Mrmagnificent has a trick, at least for fiction. Read the first page. If you don’t like that, don’t buy the book. You won’t miss very many books that you later regret having bypassed.
I second that, and then I also add: “Then flip 80 pages” and read that – if you’re interested in seeing how people got from the intro to where you found yourself after flipping randomly, you’re holding a book you’d like to read.
Plus, a book that doesn’t annoy you 80 pages in.
If it’s about a spy then why is there a picture of a hugging couple on the cover? Did the publishers actually read the book?
Thus Spake Zaramildlymagnificent:
Hmmmm. I read a lot of sci-fi. The fashion these days seems to be starting in media res and unpacking the backstory of your setting a piece at a time over the first half of the book… so a lot of otherwise excellent sci-fi novels are slow starters. For example, I’m currently reading Ancillary Justice by Ann Leckie, which is excellent (it won a 2014 Hugo), but if I’d had to judge it on the first page, or even the first chapter, I’d probably be indifferent about it. I’m glad it works for Mrmagnificent, but I don’t think it would work for me. 🙂
(But yeah, go read Ancillary Justice. It’s gooood.)
I suppose I should admit that he doesn’t read very much fiction. His test certainly works if someone’s offering to lend you a book. If they say it’s good/OK _and_ it passes the first page test then you’re probably going to be reasonably pleased with it.

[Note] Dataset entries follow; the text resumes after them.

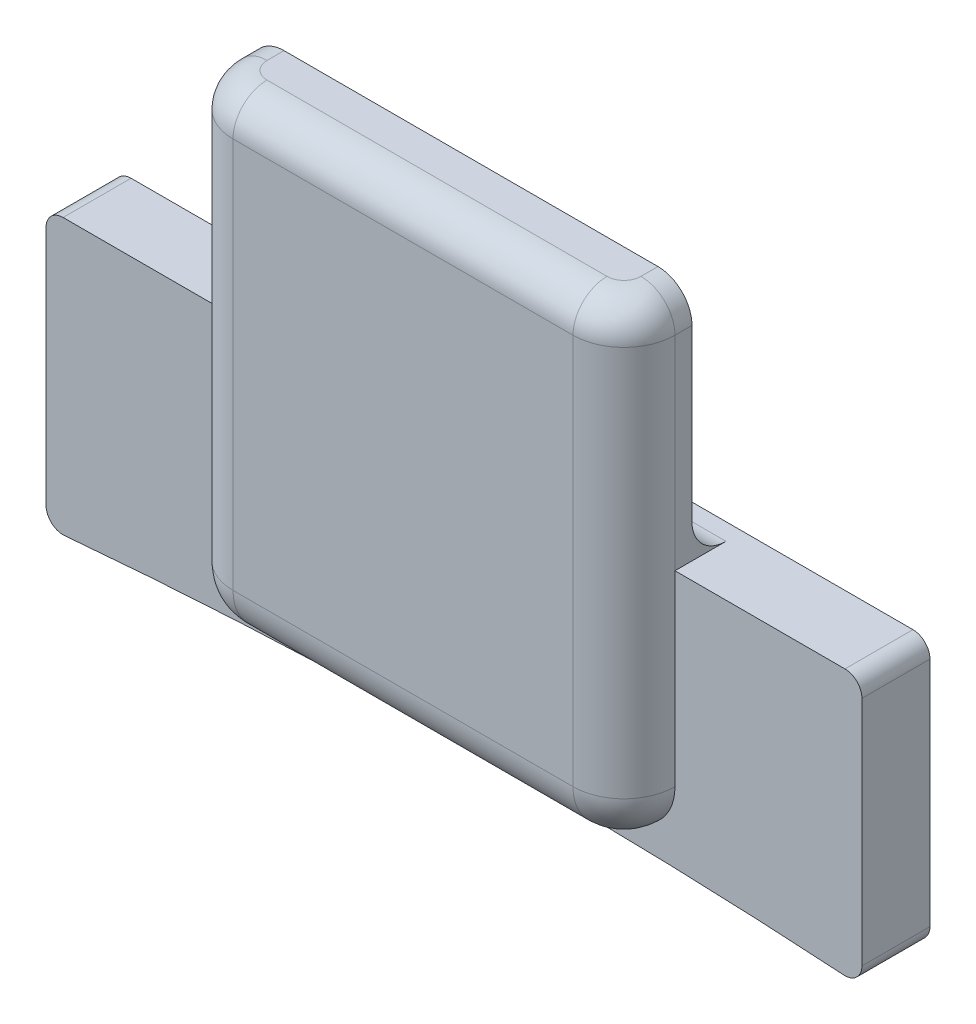
SolidWorks part; units mm, degrees
material "7079 Alloy"
ref_plane "Front Plane" through (0, 0, 0) normal (0, 0, 1) x (1, 0, 0)
ref_plane "Top Plane" through (0, 0, 0) normal (0, 1, 0) x (1, 0, 0)
ref_plane "Right Plane" through (0, 0, 0) normal (1, 0, 0) x (0, 0, -1)
ref_plane "Plane1" through (0, 0, 0) normal (0, 0, -1) x (-1, 0, 0)
sketch "Sketch1" plane through (0, 0, 0) normal (0, 0, -1) x (-1, 0, 0)
  line L0 (27.5, -16.2631) -> (27.5, 0)
  line L1 (27.5, 0) -> (-20.5, 0)
  line L2 (-20.5, 0) -> (-20.5, -15.7012)
  arc A0 (-20.5, -15.7012) -> (27.5, -16.2631) centre (0, -315) cw
  dimension "D1" = 300
  dimension "D2" = 48
extrude "Boss-Extrude1" add sketch "Sketch1" against normal blind 4
sketch "Sketch4" plane through (0, 0, 4) normal (0, 0, 1) x (1, 0, 0)
  line L0 (9.5, 0) -> (9.5, -14)
  line L1 (9.5, -14) -> (-16.5, -14)
  line L2 (-16.5, -14) -> (-16.5, 0)
  line L3 (-16.5, 0) -> (9.5, 0)
  line L5 (20.5, 0) -> (20.5, -15.7012) construction
  dimension "D1" = 26
  dimension "D2" = 11
extrude "Boss-Extrude2" add sketch "Sketch4" along normal blind 3
fillet "Fillet1" radius 1 4 edges at (20.5, 0, 2) (-27.5, 0, 2) (20.5, -15.7012, 2) (-27.5, -16.2631, 2) tangent propagation no
fillet "Fillet3" radius 3 3 edges at (-3.5, -14, 7) (-16.5, -7, 7) (9.5, -7, 7)
fillet "Fillet4" radius 3 2 edges at (-15.6213, -13.1213, 6.1213) (8.6213, -13.1213, 6.1213)
sketch "Sketch21" plane through (0, 0, 0) normal (0, 1, 0) x (1, 0, 0)
  line L0 (6.5, -7) -> (-13.5, -7)
  line L1 (-16.5, -4) -> (-16.5, -3)
  line L3 (-16.5, -3) -> (9.5, -3)
  line L4 (9.5, -3) -> (9.5, -4)
  line L5 (9.5, -4) -> (19.5, -4) construction
  arc A0 (-13.5, -7) -> (-16.5, -4) centre (-13.5, -4) cw
  arc A1 (6.5, -7) -> (9.5, -4) centre (6.5, -4) ccw construction
  arc A2 (9.5, -4) -> (6.5, -7) centre (6.5, -4) cw
  dimension "D1" = 4
extrude "Boss-Extrude9" add sketch "Sketch21" along normal blind 14
fillet "Fillet5" radius 2 5 edges at (-16.5, 14, 3.5) (-15.6213, 14, 6.1213) (9.5, 14, 3.5) (8.6213, 14, 6.1213) (-3.5, 14, 7)
fillet "Fillet6" radius 2 1 edges at (-3.5, 0, 3)
fillet "Fillet7" [suppressed] radius 2
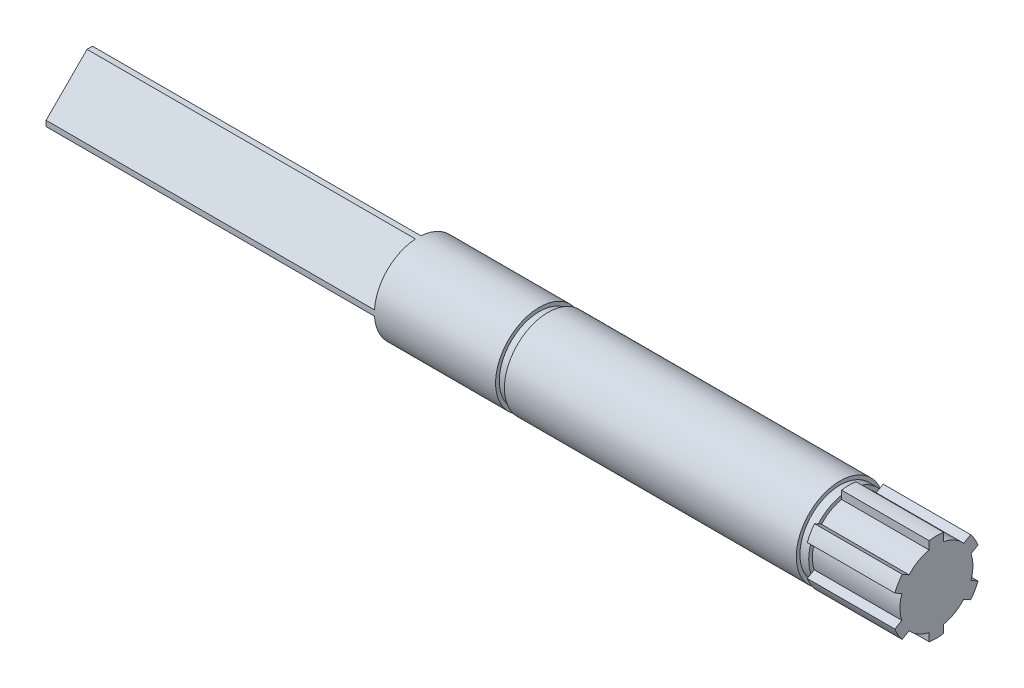
SolidWorks part; units mm, degrees
ref_plane "前视基准面" through (0, 0, 0) normal (0, 0, 1) x (1, 0, 0)
ref_plane "上视基准面" through (0, 0, 0) normal (0, 1, 0) x (1, 0, 0)
ref_plane "右视基准面" through (0, 0, 0) normal (1, 0, 0) x (0, 0, -1)
other "Configuration Table"
ref_axis "基准轴1" through (88.99, 0, 0) along (-1, 0, 0)
sketch "草图1" plane through (0, 0, 0) normal (1, 0, 0) x (0, 0, -1)
  line L1 (6.364, 0) -> (0, 6.364)
  line L2 (0, 6.364) -> (-6.364, 0)
  line L3 (-6.364, 0) -> (0, -6.364)
  line L4 (0, -6.364) -> (6.364, 0)
  circle A0 centre (0, 0) radius 4.5 construction
extrude "凸台-拉伸1" add sketch "草图1" along normal blind 45
sketch "草图2" plane through (45, 0, 0) normal (1, 0, 0) x (0, 0, -1)
  circle A0 centre (0, 0) radius 6
extrude "凸台-拉伸2" add sketch "草图2" along normal blind 16.6
sketch "草图3" plane through (61.6, 0, 0) normal (1, 0, 0) x (0, 0, -1)
  circle A0 centre (0, 0) radius 5.5
extrude "凸台-拉伸3" add sketch "草图3" along normal blind 1.2
sketch "草图4" plane through (62.8, 0, 0) normal (1, 0, 0) x (0, 0, -1)
  circle A0 centre (0, 0) radius 6
extrude "凸台-拉伸4" add sketch "草图4" along normal blind 40
sketch "草图5" plane through (102.8, 0, 0) normal (1, 0, 0) x (0, 0, -1)
  circle A0 centre (0, 0) radius 5.5
extrude "凸台-拉伸5" add sketch "草图5" along normal blind 1.2
sketch "草图6" plane through (104, 0, 0) normal (1, 0, 0) x (0, 0, -1)
  circle A0 centre (0, 0) radius 7
extrude "凸台-拉伸6" add sketch "草图6" along normal blind 12
sketch "草图7" plane through (116, 0, 0) normal (1, 0, 0) x (0, 0, -1)
  line L0 (1, 6) -> (1, 4.899)
  line L1 (-1, 6) -> (-1, 4.899)
  line L2 (5, 8.6603) -> (2.5, 4.3301)
  line L3 (-5, 8.6603) -> (-2.5, 4.3301)
  arc A0 (-2.5, 4.3301) -> (-1, 4.899) centre (0, 0) cw
  arc A1 (1, 4.899) -> (2.5, 4.3301) centre (0, 0) cw
  arc A2 (-5, 8.6603) -> (5, 8.6603) centre (0, 0) cw
  arc A3 (1, 6) -> (-1, 6) centre (0, 0) ccw
extrude "切除-拉伸1" cut sketch "草图7" against normal blind 12
pattern_circular "阵列(圆周)1" count 6 every 60 about axis through (88.99, 0, 0) along (-1, 0, 0) of "切除-拉伸1"
ref_plane "基准面1" through (45, 0.3757, 5.9882) normal (0, -0.7071, 0.7071) x (-1, 0, 0)
sketch "草图9" plane through (45, 0, 0) normal (-1, 0, 0) x (0, 0, 1)
  circle A0 centre (0, 0) radius 6
extrude "切除-拉伸2" cut sketch "草图9" along normal through all flip side to cut
sketch "草图10" plane through (0, 0, 0) normal (-1, 0, 0) x (0, 0, 1)
  circle A0 centre (0, 0) radius 1.1199
sketch "草图13" plane through (0, 0, 0) normal (-1, 0, 0) x (0, 0, 1)
  circle A0 centre (0, 0) radius 1.2993
extrude "切除-拉伸3" cut sketch "草图13" against normal blind 12
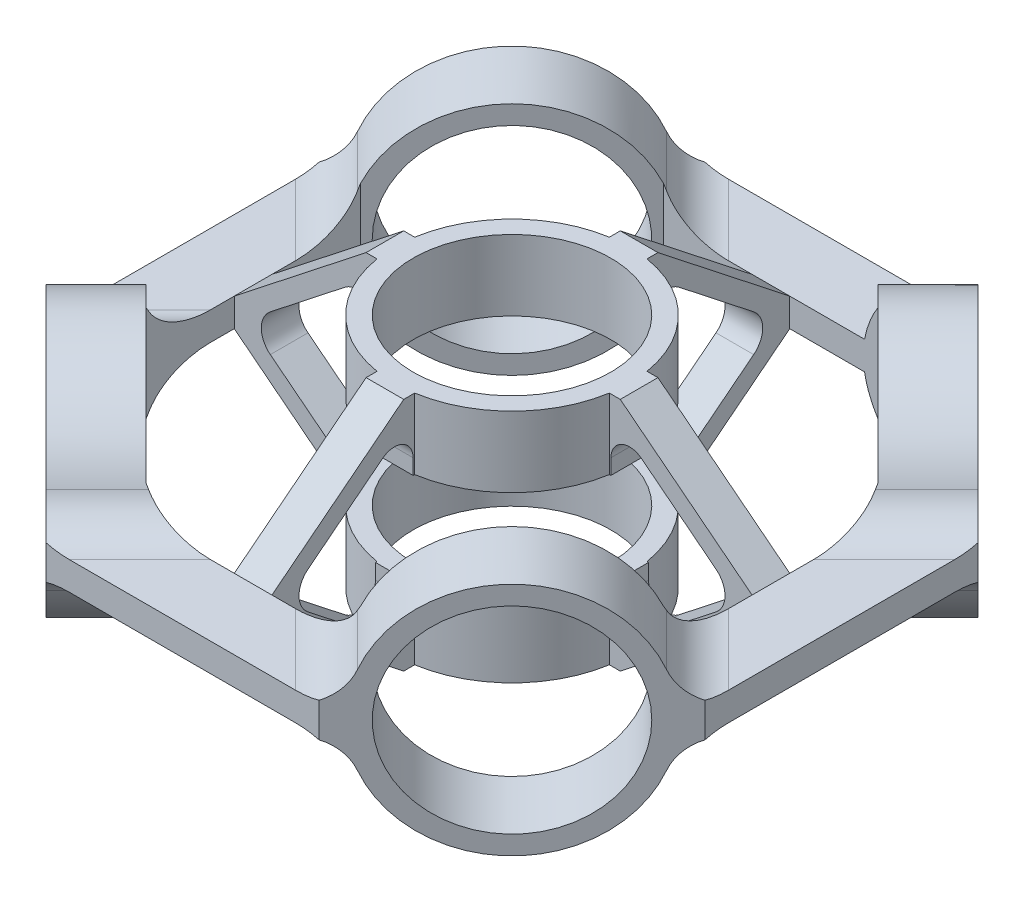
SolidWorks part; units mm, degrees
ref_plane "前视基准面" through (0, 0, 0) normal (0, 0, 1) x (1, 0, 0)
ref_plane "上视基准面" through (0, 0, 0) normal (0, 1, 0) x (1, 0, 0)
ref_plane "右视基准面" through (0, 0, 0) normal (1, 0, 0) x (0, 0, -1)
other "Configuration Table"
sketch "草图1" plane through (0, 0, 0) normal (0, 1, 0) x (1, 0, 0)
  line L0 (22.7817, 55) -> (-22.7817, 55)
  line L1 (70, -28.9949) -> (70, 28.9949)
  line L2 (70, 28.9949) -> (28.9949, 70)
  line L3 (28.9949, 70) -> (-28.9949, 70)
  line L4 (-28.9949, 70) -> (-70, 28.9949)
  line L5 (-70, 28.9949) -> (-70, -28.9949)
  line L6 (-70, -28.9949) -> (-28.9949, -70)
  line L7 (-28.9949, -70) -> (28.9949, -70)
  line L8 (28.9949, -70) -> (70, -28.9949)
  line L9 (-22.7817, 55) -> (-55, 22.7817)
  line L10 (-55, 22.7817) -> (-55, -22.7817)
  line L11 (-55, -22.7817) -> (-22.7817, -55)
  line L12 (-22.7817, -55) -> (22.7817, -55)
  line L13 (22.7817, -55) -> (55, -22.7817)
  line L14 (55, -22.7817) -> (55, 22.7817)
  line L15 (55, 22.7817) -> (22.7817, 55)
  circle A0 centre (0, 0) radius 70 construction
  circle A1 centre (0, 0) radius 25
  circle A2 centre (0, 0) radius 21
  dimension "D3" = 4
  dimension "D4" = 50
  dimension "D1" = 140
  dimension "D2" = 15
extrude "凸台-拉伸1" add sketch "草图1" against normal blind 15 from offset 25 contours A1 A2 region at (-24.2929, 0, 0)
extrude "凸台-拉伸2" add sketch "草图1<3>" along normal mid plane 6 separate body contours L7 L8 L1 L2 L3 L4 L5 L6 L15 L14 L13 L12 L11 L10 L9 L0 region at (48.0975, 0, 48.0975)
sketch "草图1<3>" plane through (0, 0, 0) normal (0, 1, 0) x (1, 0, 0) same geometry as "草图1"
extrude "凸台-拉伸7" add sketch "草图1<5>" along normal blind 15 from offset 25 separate body contours A1 A2 region at (-24.2929, 0, 0) offset against normal yes
sketch "草图1<5>" plane through (0, 0, 0) normal (0, 1, 0) x (1, 0, 0) same geometry as "草图1"
sketch "草图5" plane through (-49.4975, 0, -49.4975) normal (-0.7071, 0, -0.7071) x (-0.7071, 0, 0.7071)
  circle A0 centre (0, 0) radius 25
  circle A1 centre (0, 0) radius 21
  dimension "D1" = 50
  dimension "D2" = 4
extrude "凸台-拉伸9" add sketch "草图5" against normal blind 20
extrude "切除-拉伸4" cut sketch "草图5<2>" against normal blind 20 contours A1
sketch "草图5<2>" plane through (-49.4975, 0, -49.4975) normal (-0.7071, 0, -0.7071) x (-0.7071, 0, 0.7071) same geometry as "草图5"
mirror "镜向3" about plane through (0, 0, 0) normal (0, 0, 1) of "凸台-拉伸9", "切除-拉伸4"
mirror "镜向4" about plane through (0, 0, 0) normal (1, 0, 0) of "镜向3"
fillet "圆角4" radius 10 14 edges at (-25.9238, 3, -61.0237) (-25.9238, -3, -61.0237) (-61.0237, -3, -25.9238) (-61.0237, 3, -25.9238) (61.0237, -3, -25.9238) (61.0237, 3, -25.9238) (61.0237, -3, 25.9238) (61.0237, 3, 25.9238) (25.9238, 3, 61.0237) (25.9238, -3, 61.0237) (-25.9238, -3, 61.0237) (-25.9238, 3, 61.0237) (-61.0237, -3, 25.9238) (-61.0237, 3, 25.9238)
extrude "切除-拉伸5" cut sketch "草图1<6>" against normal mid plane 50 contours L14 L15 L0 L9 L10 L11 L12 L13 A1 region at (37.7909, 0, -37.7909)
sketch "草图1<6>" plane through (0, 0, 0) normal (0, 1, 0) x (1, 0, 0) same geometry as "草图1"
sketch "草图7" plane through (0, 0, 0) normal (0, 0, 1) x (1, 0, 0)
  line L0 (22.5, 25) -> (27, 25)
  line L1 (25, 25) -> (-25, 25) construction
  line L2 (21, 25) -> (-21, 25) construction
  line L3 (27, 25) -> (55, 3)
  line L4 (55, 3) -> (55, -3)
  line L5 (0, 43.5598) -> (0, 0) construction
  line L6 (0, 0) -> (73.7541, 0) construction
  line L7 (22.5, 25) -> (22.5, 10)
  line L8 (-21, 10) -> (21, 10) construction
  line L9 (-25, 10) -> (25, 10) construction
  line L10 (22.5, 10) -> (25, 10)
  line L11 (25, 10) -> (25, 13.2546)
  line L12 (31.4713, 16.3998) -> (47.34, 3.9316)
  line L13 (25, 10) -> (25, 25) construction
  line L14 (31.4713, -16.3998) -> (47.34, -3.9316)
  line L15 (25, -10) -> (25, -13.2546)
  line L16 (22.5, -10) -> (25, -10)
  line L17 (22.5, -25) -> (22.5, -10)
  line L18 (27, -25) -> (55, -3)
  line L19 (22.5, -25) -> (27, -25)
  arc A0 (25, 13.2546) -> (31.4713, 16.3998) centre (29, 13.2546) cw
  arc A1 (25, -13.2546) -> (31.4713, -16.3998) centre (29, -13.2546) ccw
  arc A2 (47.34, 3.9316) -> (47.34, -3.9316) centre (44.2509, 0) cw
  point P43 (52.3438, 0)
  dimension "D3" = 4
  dimension "D5" = 5
  dimension "D1" = 54
  dimension "D2" = 45
  dimension "D4" = 4
extrude "凸台-拉伸10" add sketch "草图7" along normal mid plane 8
pattern_circular "阵列(圆周)1" count 4 over 360 about axis through (0, 25, 0) along (0, 1, 0) of "凸台-拉伸10"
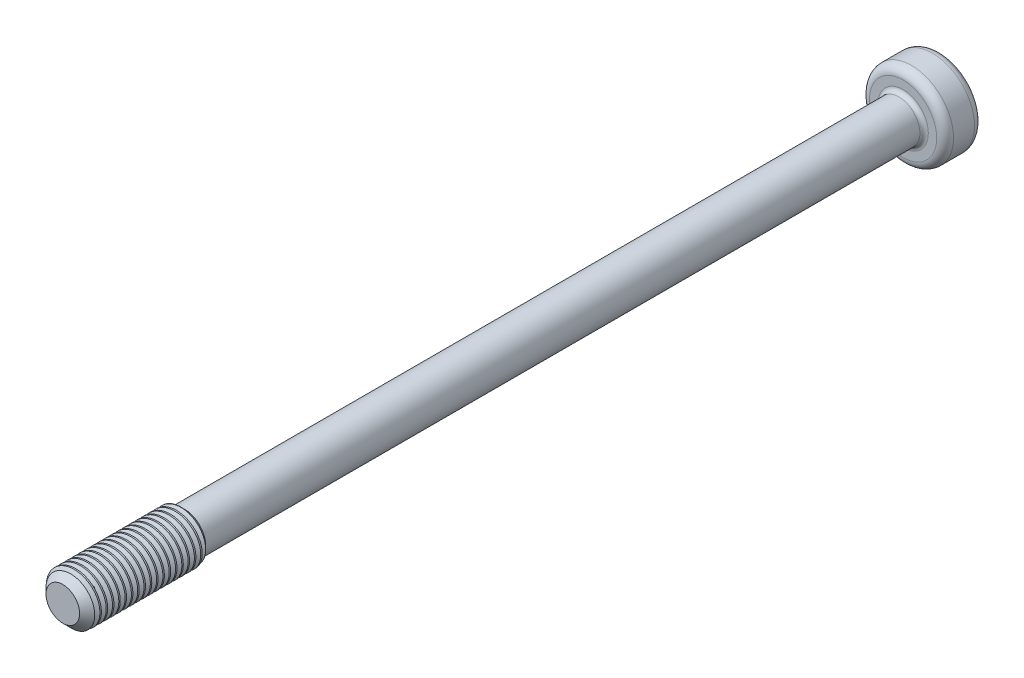
SolidWorks part; units mm, degrees
material "Plain Carbon Steel"
ref_plane "Front Plane" through (0, 0, 0) normal (0, 0, 1) x (1, 0, 0)
ref_plane "Top Plane" through (0, 0, 0) normal (0, 1, 0) x (1, 0, 0)
ref_plane "Right Plane" through (0, 0, 0) normal (1, 0, 0) x (0, 0, -1)
sketch "Sketch1" plane through (0, 0, 0) normal (0, 0, 1) x (1, 0, 0)
  circle A0 centre (0, 0) radius 1
  dimension "D1" = 2
extrude "Boss-Extrude1" add sketch "Sketch1" along normal blind 0.9
sketch "Sketch2" plane through (0, 0, 0.9) normal (0, 0, 1) x (1, 0, 0)
  circle A0 centre (0, 0) radius 0.5
  dimension "D1" = 1
extrude "Boss-Extrude2" add sketch "Sketch2" along normal blind 20
sketch "Sketch4" plane through (0, 0, 0) normal (0, 1, 0) x (1, 0, 0)
  line L0 (-1, -0.9) -> (1, -0.9) construction
  line L1 (-1, -0.9) -> (1, -0.9) construction
  line L2 (1, 0) -> (-1, 0) construction
  line L3 (0, -0.8) -> (0, 0)
  line L4 (1, 0) -> (-1, 0) construction
  line L6 (-0.75, 0) -> (-0.6089, -0.8)
  line L7 (-0.6089, -0.8) -> (0, -0.8)
  line L10 (-0.75, 0) -> (0, 0)
  point P6 (0.0056, -0.8)
  dimension "D1" = 0.25
  dimension "D2" = 0.1
  dimension "D4" = 100
ref_axis "Axis1" through (0, 0, 23.484) along (0, 0, -1)
extrude "Cut-Extrude5" cut sketch "Sketch4" against normal mid plane 0.3 contours L7 L10 L6 | L10 region at (-0.341, 0, 0.3862)
pattern_circular "CirPattern2" count 4 over 360 about axis through (0, 0, 23.484) along (0, 0, -1) of "Cut-Extrude5"
ref_plane "Plane1" through (0, 0, 0) normal (-0.7071, -0.7071, 0) x (0, 0, 1)
sketch "Sketch7" plane through (0, 0, 0) normal (-0.7071, -0.7071, 0) x (0, 0, 1)
  line L0 (0.8, 0.2121) -> (0, 0.2121) construction
  line L1 (0.8, 0.2121) -> (0, 0.2121) construction
  line L2 (0.9, -1) -> (0.9, 1) construction
  line L3 (23.484, 0) -> (-3.7079, 0) construction
  line L4 (0.8, 0) -> (0.9, 0)
  line L5 (0.9, 0) -> (0.8, 0.2121)
  line L6 (0.8, 0.2121) -> (0, 0.3)
  line L7 (0, 0.3) -> (0, 0)
  line L8 (0.8, 0) -> (0, 0)
  point P9 (0.7668, 0.2121)
  point P11 (0.738, 0.2121)
  point P12 (0, 0)
  point P13 (0, 0)
  point P14 (0, 0)
  point P15 (0, 0)
  point P18 (0, 0)
  dimension "D1" = 0.1
  dimension "D2" = 0.3
revolve "Cut-Revolve3" cut sketch "Sketch7" angle 360 about axis through (0, 0, 23.484) along (0, 0, -1) region at (-0.0735, 0.0735, 0.4255) region at (-0.1707, 0.1707, 0.2667)
fillet "Fillet2" radius 0.1 1 edges at (0.5, 0, 0.9)
fillet "Fillet3" radius 0.2 2 edges at (1, 0, 0) (1, 0, 0.9)
sketch "Sketch10" plane through (0, 0, 20.9) normal (0, 0, 1) x (1, 0, 0)
  circle A0 centre (0, 0) radius 0.6
  dimension "D1" = 1.2
extrude "Boss-Extrude3" add sketch "Sketch10" against normal blind 3
sketch "Sketch11" plane through (0, 0, 20.9) normal (0, 0, 1) x (1, 0, 0)
  circle A0 centre (0, 0) radius 0.5
  dimension "D1" = 1
curve "Helix/Spiral1" pitch 0.15 height 3.3 radius 0.5 centre (0, 0, 20.9) axis (0, 0, -1) start towards (-1, 0, 0)
chamfer "Chamfer1" distance 0.2 angle 45 2 edges at (0.6, 0, 17.9) (0.6, 0, 20.9)
sketch "Sketch13" plane through (0, 0, 0) normal (0, 1, 0) x (1, 0, 0)
  line L0 (-0.6, -18.1) -> (-0.6, -20.7) construction
  line L1 (-0.5, -20.9) -> (-0.6, -20.8423)
  line L2 (-0.6, -20.8423) -> (-0.6, -20.9577)
  line L3 (-0.6, -20.9577) -> (-0.5, -20.9)
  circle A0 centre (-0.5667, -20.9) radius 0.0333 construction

Well, a couple does hug at one or two points. So, obviously, cover material. *is suddenly tempted to put romance-novel makeout pictures on the cover of every action/adventure/spy/war book in which a man ever kisses a woman*
I blame it on James Bond. They’re trying to convince potential readers that every spy novel is The Spy Who Shagged Me.
Interestingly, I found the first chapter in Ancillary Justice completely hooked me and I wasn’t expecting it (I picked up some of the Hugo nominees because of the whole Hugo debate this year). It’s a great novel.
I’m grateful that the library editions of Discworld I’ve found had relatively neutral* covers.
I did get a Discworld day at a time desk calendar as a gift ever so long ago, when I was still working. Don’t remember who the artist was, but it was bloody brilliant. Completely changed how I envisioned Vetinari and Vimes, to begin with.
*As in, not coloring how I imagined the story within.
Uff, that sucked.
Reminds me of the most recent cover of Ursula Le Guin’s The Dispossessed (that I saw on store shelves, anyway). I have a vintage paperback that’s slowly disintegrating, so I figured I’d better replace it with a fresh copy. My existing copy is great: Two planets, side by side, on the cover, which fairly evokes the content: one scientist, travelling between two different worlds. The version I saw looked all pastelly and romance-novelly, with a strong silent dude shuffling his toes in some sand. Bleah! I never did buy that fresh copy. Too tone-deaf. I’m making do with some clear packing tape on my old one instead.
That is the same cover art as my hardbound copy had before it was shredded, bins.